===== DATA FOR THIS EXERCISE

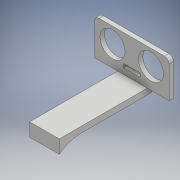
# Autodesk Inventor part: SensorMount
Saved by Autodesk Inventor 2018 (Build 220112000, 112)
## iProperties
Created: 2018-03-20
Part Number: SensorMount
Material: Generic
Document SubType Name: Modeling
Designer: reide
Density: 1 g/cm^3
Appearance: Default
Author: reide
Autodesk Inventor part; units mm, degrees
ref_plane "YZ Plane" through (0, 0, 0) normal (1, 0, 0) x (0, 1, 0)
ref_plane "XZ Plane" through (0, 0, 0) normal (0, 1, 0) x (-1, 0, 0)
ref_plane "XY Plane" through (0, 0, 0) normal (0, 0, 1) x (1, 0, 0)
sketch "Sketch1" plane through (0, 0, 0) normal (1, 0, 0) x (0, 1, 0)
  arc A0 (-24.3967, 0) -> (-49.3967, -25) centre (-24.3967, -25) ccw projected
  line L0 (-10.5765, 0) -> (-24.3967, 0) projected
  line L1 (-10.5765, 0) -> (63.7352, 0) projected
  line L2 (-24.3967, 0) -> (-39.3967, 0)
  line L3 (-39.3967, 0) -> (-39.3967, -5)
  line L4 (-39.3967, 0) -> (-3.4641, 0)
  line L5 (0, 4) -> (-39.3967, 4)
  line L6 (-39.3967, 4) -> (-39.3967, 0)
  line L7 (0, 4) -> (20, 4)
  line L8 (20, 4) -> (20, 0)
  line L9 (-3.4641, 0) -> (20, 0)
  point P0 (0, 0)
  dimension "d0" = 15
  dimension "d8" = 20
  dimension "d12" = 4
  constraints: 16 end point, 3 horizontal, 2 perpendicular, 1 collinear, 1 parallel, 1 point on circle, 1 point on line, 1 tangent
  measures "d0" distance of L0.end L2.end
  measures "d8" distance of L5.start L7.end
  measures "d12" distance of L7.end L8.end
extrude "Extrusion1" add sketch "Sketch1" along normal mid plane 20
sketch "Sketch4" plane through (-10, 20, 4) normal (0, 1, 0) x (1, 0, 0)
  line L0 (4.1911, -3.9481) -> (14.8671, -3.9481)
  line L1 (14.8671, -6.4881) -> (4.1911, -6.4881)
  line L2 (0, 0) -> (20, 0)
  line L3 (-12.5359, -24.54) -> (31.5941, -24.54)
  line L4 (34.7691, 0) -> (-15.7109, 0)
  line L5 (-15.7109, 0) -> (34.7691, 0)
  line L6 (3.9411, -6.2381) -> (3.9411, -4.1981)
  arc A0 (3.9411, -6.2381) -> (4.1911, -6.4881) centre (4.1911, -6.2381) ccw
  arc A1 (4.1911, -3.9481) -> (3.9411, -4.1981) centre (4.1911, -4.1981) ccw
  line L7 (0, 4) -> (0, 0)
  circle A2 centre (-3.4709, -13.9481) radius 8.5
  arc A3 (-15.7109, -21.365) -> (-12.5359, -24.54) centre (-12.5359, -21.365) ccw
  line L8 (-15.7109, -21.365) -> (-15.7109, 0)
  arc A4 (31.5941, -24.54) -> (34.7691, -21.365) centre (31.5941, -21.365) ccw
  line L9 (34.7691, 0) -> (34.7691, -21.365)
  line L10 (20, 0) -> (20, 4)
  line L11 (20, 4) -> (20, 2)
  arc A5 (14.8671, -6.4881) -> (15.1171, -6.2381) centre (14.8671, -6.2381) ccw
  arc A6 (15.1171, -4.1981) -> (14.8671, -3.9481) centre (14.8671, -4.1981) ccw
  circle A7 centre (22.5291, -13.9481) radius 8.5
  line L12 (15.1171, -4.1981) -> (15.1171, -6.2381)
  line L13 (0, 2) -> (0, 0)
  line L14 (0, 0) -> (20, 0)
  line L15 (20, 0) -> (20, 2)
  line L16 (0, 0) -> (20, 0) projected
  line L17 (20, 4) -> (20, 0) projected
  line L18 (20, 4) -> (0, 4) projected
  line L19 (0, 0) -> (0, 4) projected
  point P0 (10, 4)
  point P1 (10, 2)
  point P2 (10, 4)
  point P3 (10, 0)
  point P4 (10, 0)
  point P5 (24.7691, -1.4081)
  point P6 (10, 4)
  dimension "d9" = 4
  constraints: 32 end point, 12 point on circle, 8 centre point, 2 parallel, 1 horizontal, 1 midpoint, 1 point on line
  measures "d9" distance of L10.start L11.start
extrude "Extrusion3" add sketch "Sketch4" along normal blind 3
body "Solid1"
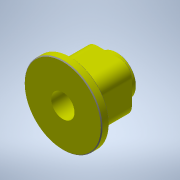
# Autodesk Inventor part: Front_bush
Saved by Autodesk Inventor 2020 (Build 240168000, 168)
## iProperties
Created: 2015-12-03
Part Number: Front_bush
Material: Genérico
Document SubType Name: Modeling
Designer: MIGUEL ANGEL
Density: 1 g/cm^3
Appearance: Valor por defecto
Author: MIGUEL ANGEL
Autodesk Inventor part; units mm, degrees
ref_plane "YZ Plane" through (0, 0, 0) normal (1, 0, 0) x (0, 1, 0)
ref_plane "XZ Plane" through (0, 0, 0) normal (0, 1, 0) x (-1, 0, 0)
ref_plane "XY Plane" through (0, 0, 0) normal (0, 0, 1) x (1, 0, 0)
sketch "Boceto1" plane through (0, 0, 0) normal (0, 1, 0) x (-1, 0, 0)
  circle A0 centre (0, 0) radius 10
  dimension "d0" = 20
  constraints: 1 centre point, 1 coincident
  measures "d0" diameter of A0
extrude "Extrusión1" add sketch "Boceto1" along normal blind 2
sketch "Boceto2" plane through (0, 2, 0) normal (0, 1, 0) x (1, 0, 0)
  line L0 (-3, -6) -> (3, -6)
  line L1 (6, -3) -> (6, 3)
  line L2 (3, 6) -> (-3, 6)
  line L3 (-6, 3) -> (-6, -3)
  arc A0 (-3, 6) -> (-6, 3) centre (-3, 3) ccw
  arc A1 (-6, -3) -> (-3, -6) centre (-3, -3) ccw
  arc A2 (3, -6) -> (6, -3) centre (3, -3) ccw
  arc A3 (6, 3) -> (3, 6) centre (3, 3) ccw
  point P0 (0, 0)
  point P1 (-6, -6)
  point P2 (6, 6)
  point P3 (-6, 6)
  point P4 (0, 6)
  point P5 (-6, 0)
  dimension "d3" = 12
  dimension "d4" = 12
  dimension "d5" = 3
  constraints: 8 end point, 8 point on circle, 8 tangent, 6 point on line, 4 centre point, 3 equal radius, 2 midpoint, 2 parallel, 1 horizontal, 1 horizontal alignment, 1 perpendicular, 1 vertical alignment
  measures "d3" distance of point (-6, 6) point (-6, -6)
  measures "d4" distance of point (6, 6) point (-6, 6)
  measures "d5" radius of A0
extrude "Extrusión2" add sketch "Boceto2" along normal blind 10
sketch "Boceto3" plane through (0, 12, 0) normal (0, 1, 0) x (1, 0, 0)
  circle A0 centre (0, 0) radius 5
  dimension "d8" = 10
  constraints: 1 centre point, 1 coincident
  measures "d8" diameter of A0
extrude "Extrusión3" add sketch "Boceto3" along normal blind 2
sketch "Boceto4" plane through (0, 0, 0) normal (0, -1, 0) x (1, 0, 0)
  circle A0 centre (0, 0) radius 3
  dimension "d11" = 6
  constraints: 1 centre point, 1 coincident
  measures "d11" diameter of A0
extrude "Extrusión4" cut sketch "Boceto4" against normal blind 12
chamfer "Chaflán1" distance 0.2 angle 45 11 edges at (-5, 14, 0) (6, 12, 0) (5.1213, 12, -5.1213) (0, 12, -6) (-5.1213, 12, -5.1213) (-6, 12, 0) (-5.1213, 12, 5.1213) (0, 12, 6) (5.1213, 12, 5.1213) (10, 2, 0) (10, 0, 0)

==========

▶ _WHAT TO DO_
Excluding pictures, reproduce the listing above exactly as it stands.

▶ _TASK OUTPUT_
# Autodesk Inventor part: SensorMount
Saved by Autodesk Inventor 2018 (Build 220112000, 112)
## iProperties
Created: 2018-03-20
Part Number: SensorMount
Material: Generic
Document SubType Name: Modeling
Designer: reide
Density: 1 g/cm^3
Appearance: Default
Author: reide
Autodesk Inventor part; units mm, degrees
ref_plane "YZ Plane" through (0, 0, 0) normal (1, 0, 0) x (0, 1, 0)
ref_plane "XZ Plane" through (0, 0, 0) normal (0, 1, 0) x (-1, 0, 0)
ref_plane "XY Plane" through (0, 0, 0) normal (0, 0, 1) x (1, 0, 0)
sketch "Sketch1" plane through (0, 0, 0) normal (1, 0, 0) x (0, 1, 0)
  arc A0 (-24.3967, 0) -> (-49.3967, -25) centre (-24.3967, -25) ccw projected
  line L0 (-10.5765, 0) -> (-24.3967, 0) projected
  line L1 (-10.5765, 0) -> (63.7352, 0) projected
  line L2 (-24.3967, 0) -> (-39.3967, 0)
  line L3 (-39.3967, 0) -> (-39.3967, -5)
  line L4 (-39.3967, 0) -> (-3.4641, 0)
  line L5 (0, 4) -> (-39.3967, 4)
  line L6 (-39.3967, 4) -> (-39.3967, 0)
  line L7 (0, 4) -> (20, 4)
  line L8 (20, 4) -> (20, 0)
  line L9 (-3.4641, 0) -> (20, 0)
  point P0 (0, 0)
  dimension "d0" = 15
  dimension "d8" = 20
  dimension "d12" = 4
  constraints: 16 end point, 3 horizontal, 2 perpendicular, 1 collinear, 1 parallel, 1 point on circle, 1 point on line, 1 tangent
  measures "d0" distance of L0.end L2.end
  measures "d8" distance of L5.start L7.end
  measures "d12" distance of L7.end L8.end
extrude "Extrusion1" add sketch "Sketch1" along normal mid plane 20
sketch "Sketch4" plane through (-10, 20, 4) normal (0, 1, 0) x (1, 0, 0)
  line L0 (4.1911, -3.9481) -> (14.8671, -3.9481)
  line L1 (14.8671, -6.4881) -> (4.1911, -6.4881)
  line L2 (0, 0) -> (20, 0)
  line L3 (-12.5359, -24.54) -> (31.5941, -24.54)
  line L4 (34.7691, 0) -> (-15.7109, 0)
  line L5 (-15.7109, 0) -> (34.7691, 0)
  line L6 (3.9411, -6.2381) -> (3.9411, -4.1981)
  arc A0 (3.9411, -6.2381) -> (4.1911, -6.4881) centre (4.1911, -6.2381) ccw
  arc A1 (4.1911, -3.9481) -> (3.9411, -4.1981) centre (4.1911, -4.1981) ccw
  line L7 (0, 4) -> (0, 0)
  circle A2 centre (-3.4709, -13.9481) radius 8.5
  arc A3 (-15.7109, -21.365) -> (-12.5359, -24.54) centre (-12.5359, -21.365) ccw
  line L8 (-15.7109, -21.365) -> (-15.7109, 0)
  arc A4 (31.5941, -24.54) -> (34.7691, -21.365) centre (31.5941, -21.365) ccw
  line L9 (34.7691, 0) -> (34.7691, -21.365)
  line L10 (20, 0) -> (20, 4)
  line L11 (20, 4) -> (20, 2)
  arc A5 (14.8671, -6.4881) -> (15.1171, -6.2381) centre (14.8671, -6.2381) ccw
  arc A6 (15.1171, -4.1981) -> (14.8671, -3.9481) centre (14.8671, -4.1981) ccw
  circle A7 centre (22.5291, -13.9481) radius 8.5
  line L12 (15.1171, -4.1981) -> (15.1171, -6.2381)
  line L13 (0, 2) -> (0, 0)
  line L14 (0, 0) -> (20, 0)
  line L15 (20, 0) -> (20, 2)
  line L16 (0, 0) -> (20, 0) projected
  line L17 (20, 4) -> (20, 0) projected
  line L18 (20, 4) -> (0, 4) projected
  line L19 (0, 0) -> (0, 4) projected
  point P0 (10, 4)
  point P1 (10, 2)
  point P2 (10, 4)
  point P3 (10, 0)
  point P4 (10, 0)
  point P5 (24.7691, -1.4081)
  point P6 (10, 4)
  dimension "d9" = 4
  constraints: 32 end point, 12 point on circle, 8 centre point, 2 parallel, 1 horizontal, 1 midpoint, 1 point on line
  measures "d9" distance of L10.start L11.start
extrude "Extrusion3" add sketch "Sketch4" along normal blind 3
body "Solid1"
# Autodesk Inventor part: Front_bush
Saved by Autodesk Inventor 2020 (Build 240168000, 168)
## iProperties
Created: 2015-12-03
Part Number: Front_bush
Material: Genérico
Document SubType Name: Modeling
Designer: MIGUEL ANGEL
Density: 1 g/cm^3
Appearance: Valor por defecto
Author: MIGUEL ANGEL
Autodesk Inventor part; units mm, degrees
ref_plane "YZ Plane" through (0, 0, 0) normal (1, 0, 0) x (0, 1, 0)
ref_plane "XZ Plane" through (0, 0, 0) normal (0, 1, 0) x (-1, 0, 0)
ref_plane "XY Plane" through (0, 0, 0) normal (0, 0, 1) x (1, 0, 0)
sketch "Boceto1" plane through (0, 0, 0) normal (0, 1, 0) x (-1, 0, 0)
  circle A0 centre (0, 0) radius 10
  dimension "d0" = 20
  constraints: 1 centre point, 1 coincident
  measures "d0" diameter of A0
extrude "Extrusión1" add sketch "Boceto1" along normal blind 2
sketch "Boceto2" plane through (0, 2, 0) normal (0, 1, 0) x (1, 0, 0)
  line L0 (-3, -6) -> (3, -6)
  line L1 (6, -3) -> (6, 3)
  line L2 (3, 6) -> (-3, 6)
  line L3 (-6, 3) -> (-6, -3)
  arc A0 (-3, 6) -> (-6, 3) centre (-3, 3) ccw
  arc A1 (-6, -3) -> (-3, -6) centre (-3, -3) ccw
  arc A2 (3, -6) -> (6, -3) centre (3, -3) ccw
  arc A3 (6, 3) -> (3, 6) centre (3, 3) ccw
  point P0 (0, 0)
  point P1 (-6, -6)
  point P2 (6, 6)
  point P3 (-6, 6)
  point P4 (0, 6)
  point P5 (-6, 0)
  dimension "d3" = 12
  dimension "d4" = 12
  dimension "d5" = 3
  constraints: 8 end point, 8 point on circle, 8 tangent, 6 point on line, 4 centre point, 3 equal radius, 2 midpoint, 2 parallel, 1 horizontal, 1 horizontal alignment, 1 perpendicular, 1 vertical alignment
  measures "d3" distance of point (-6, 6) point (-6, -6)
  measures "d4" distance of point (6, 6) point (-6, 6)
  measures "d5" radius of A0
extrude "Extrusión2" add sketch "Boceto2" along normal blind 10
sketch "Boceto3" plane through (0, 12, 0) normal (0, 1, 0) x (1, 0, 0)
  circle A0 centre (0, 0) radius 5
  dimension "d8" = 10
  constraints: 1 centre point, 1 coincident
  measures "d8" diameter of A0
extrude "Extrusión3" add sketch "Boceto3" along normal blind 2
sketch "Boceto4" plane through (0, 0, 0) normal (0, -1, 0) x (1, 0, 0)
  circle A0 centre (0, 0) radius 3
  dimension "d11" = 6
  constraints: 1 centre point, 1 coincident
  measures "d11" diameter of A0
extrude "Extrusión4" cut sketch "Boceto4" against normal blind 12
chamfer "Chaflán1" distance 0.2 angle 45 11 edges at (-5, 14, 0) (6, 12, 0) (5.1213, 12, -5.1213) (0, 12, -6) (-5.1213, 12, -5.1213) (-6, 12, 0) (-5.1213, 12, 5.1213) (0, 12, 6) (5.1213, 12, 5.1213) (10, 2, 0) (10, 0, 0)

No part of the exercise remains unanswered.